Source records

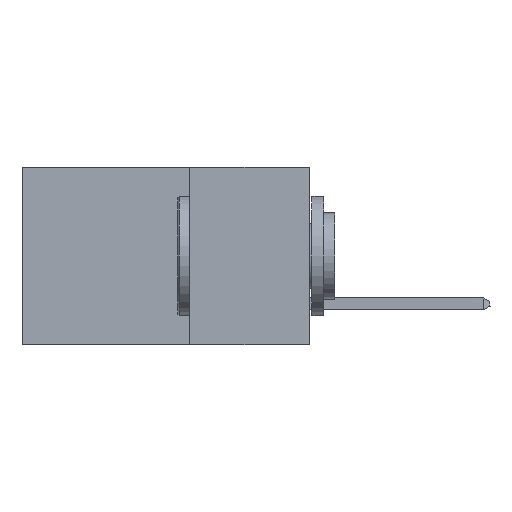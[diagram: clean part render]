
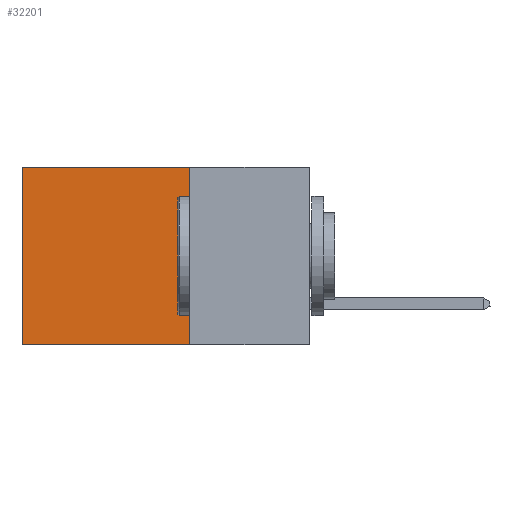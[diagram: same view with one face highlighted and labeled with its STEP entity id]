
A CAD part, left-side view. The second image highlights one B-rep face of the part: STEP entity #32201.
In plain terms, the highlighted planar face has unit normal (-1, 0, 0).
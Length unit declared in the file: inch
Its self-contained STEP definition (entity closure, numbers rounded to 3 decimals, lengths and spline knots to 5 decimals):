
#473 = LINE ( 'NONE', #28206, #19001 ) ;
#2724 = CARTESIAN_POINT ( 'NONE',  ( 0.2875, 0.25, 0. ) ) ;
#5456 = VECTOR ( 'NONE', #21215, 39.37008 ) ;
#7967 = EDGE_CURVE ( 'NONE', #11611, #31664, #473, .T. ) ;
#11611 = VERTEX_POINT ( 'NONE', #30489 ) ;
#12911 = EDGE_CURVE ( 'NONE', #45274, #46174, #14041, .T. ) ;
#14041 = LINE ( 'NONE', #2724, #28697 ) ;
#14393 = ORIENTED_EDGE ( 'NONE', *, *, #45964, .T. ) ;
#15024 = CARTESIAN_POINT ( 'NONE',  ( 0.2875, 0.25, -0.37 ) ) ;
#15124 = VECTOR ( 'NONE', #45765, 39.37008 ) ;
#17286 = DIRECTION ( 'NONE',  ( 0., 0., -1. ) ) ;
#19001 = VECTOR ( 'NONE', #43638, 39.37008 ) ;
#19166 = DIRECTION ( 'NONE',  ( 0., 0., -1. ) ) ;
#19744 = CARTESIAN_POINT ( 'NONE',  ( 0.2875, 0.6, -0.37 ) ) ;
#20354 = CARTESIAN_POINT ( 'NONE',  ( 0.2875, 0.25, 0. ) ) ;
#20962 = CARTESIAN_POINT ( 'NONE',  ( 0.2875, 0.25, -0.37 ) ) ;
#21215 = DIRECTION ( 'NONE',  ( 0., 1., 0. ) ) ;
#21658 = ORIENTED_EDGE ( 'NONE', *, *, #22922, .F. ) ;
#22235 = AXIS2_PLACEMENT_3D ( 'NONE', #44271, #30049, #19166 ) ;
#22922 = EDGE_CURVE ( 'NONE', #46174, #31664, #23016, .T. ) ;
#23016 = LINE ( 'NONE', #20962, #15124 ) ;
#26054 = FACE_OUTER_BOUND ( 'NONE', #42984, .T. ) ;
#28206 = CARTESIAN_POINT ( 'NONE',  ( 0.2875, 0.6, 0. ) ) ;
#28697 = VECTOR ( 'NONE', #17286, 39.37008 ) ;
#30049 = DIRECTION ( 'NONE',  ( 1., 0., 0. ) ) ;
#30489 = CARTESIAN_POINT ( 'NONE',  ( 0.2875, 0.6, 0. ) ) ;
#30779 = LINE ( 'NONE', #45716, #5456 ) ;
#31664 = VERTEX_POINT ( 'NONE', #19744 ) ;
#32201 = ADVANCED_FACE ( 'NONE', ( #26054 ), #33979, .F. ) ;
#33979 = PLANE ( 'NONE',  #22235 ) ;
#42156 = ORIENTED_EDGE ( 'NONE', *, *, #7967, .T. ) ;
#42984 = EDGE_LOOP ( 'NONE', ( #42156, #21658, #46135, #14393 ) ) ;
#43638 = DIRECTION ( 'NONE',  ( 0., 0., -1. ) ) ;
#44271 = CARTESIAN_POINT ( 'NONE',  ( 0.2875, 0.25, 0. ) ) ;
#45274 = VERTEX_POINT ( 'NONE', #20354 ) ;
#45716 = CARTESIAN_POINT ( 'NONE',  ( 0.2875, 0.25, 0. ) ) ;
#45765 = DIRECTION ( 'NONE',  ( 0., 1., 0. ) ) ;
#45964 = EDGE_CURVE ( 'NONE', #45274, #11611, #30779, .T. ) ;
#46135 = ORIENTED_EDGE ( 'NONE', *, *, #12911, .F. ) ;
#46174 = VERTEX_POINT ( 'NONE', #15024 ) ;

**Task requirements**
From the data above, return every line from the line that has "#43638 = DIRECTION" up to and including the line that has "#45964 = EDGE_CURVE", exactly.

**Completed task**
#43638 = DIRECTION ( 'NONE',  ( 0., 0., -1. ) ) ;
#44271 = CARTESIAN_POINT ( 'NONE',  ( 0.2875, 0.25, 0. ) ) ;
#45274 = VERTEX_POINT ( 'NONE', #20354 ) ;
#45716 = CARTESIAN_POINT ( 'NONE',  ( 0.2875, 0.25, 0. ) ) ;
#45765 = DIRECTION ( 'NONE',  ( 0., 1., 0. ) ) ;
#45964 = EDGE_CURVE ( 'NONE', #45274, #11611, #30779, .T. ) ;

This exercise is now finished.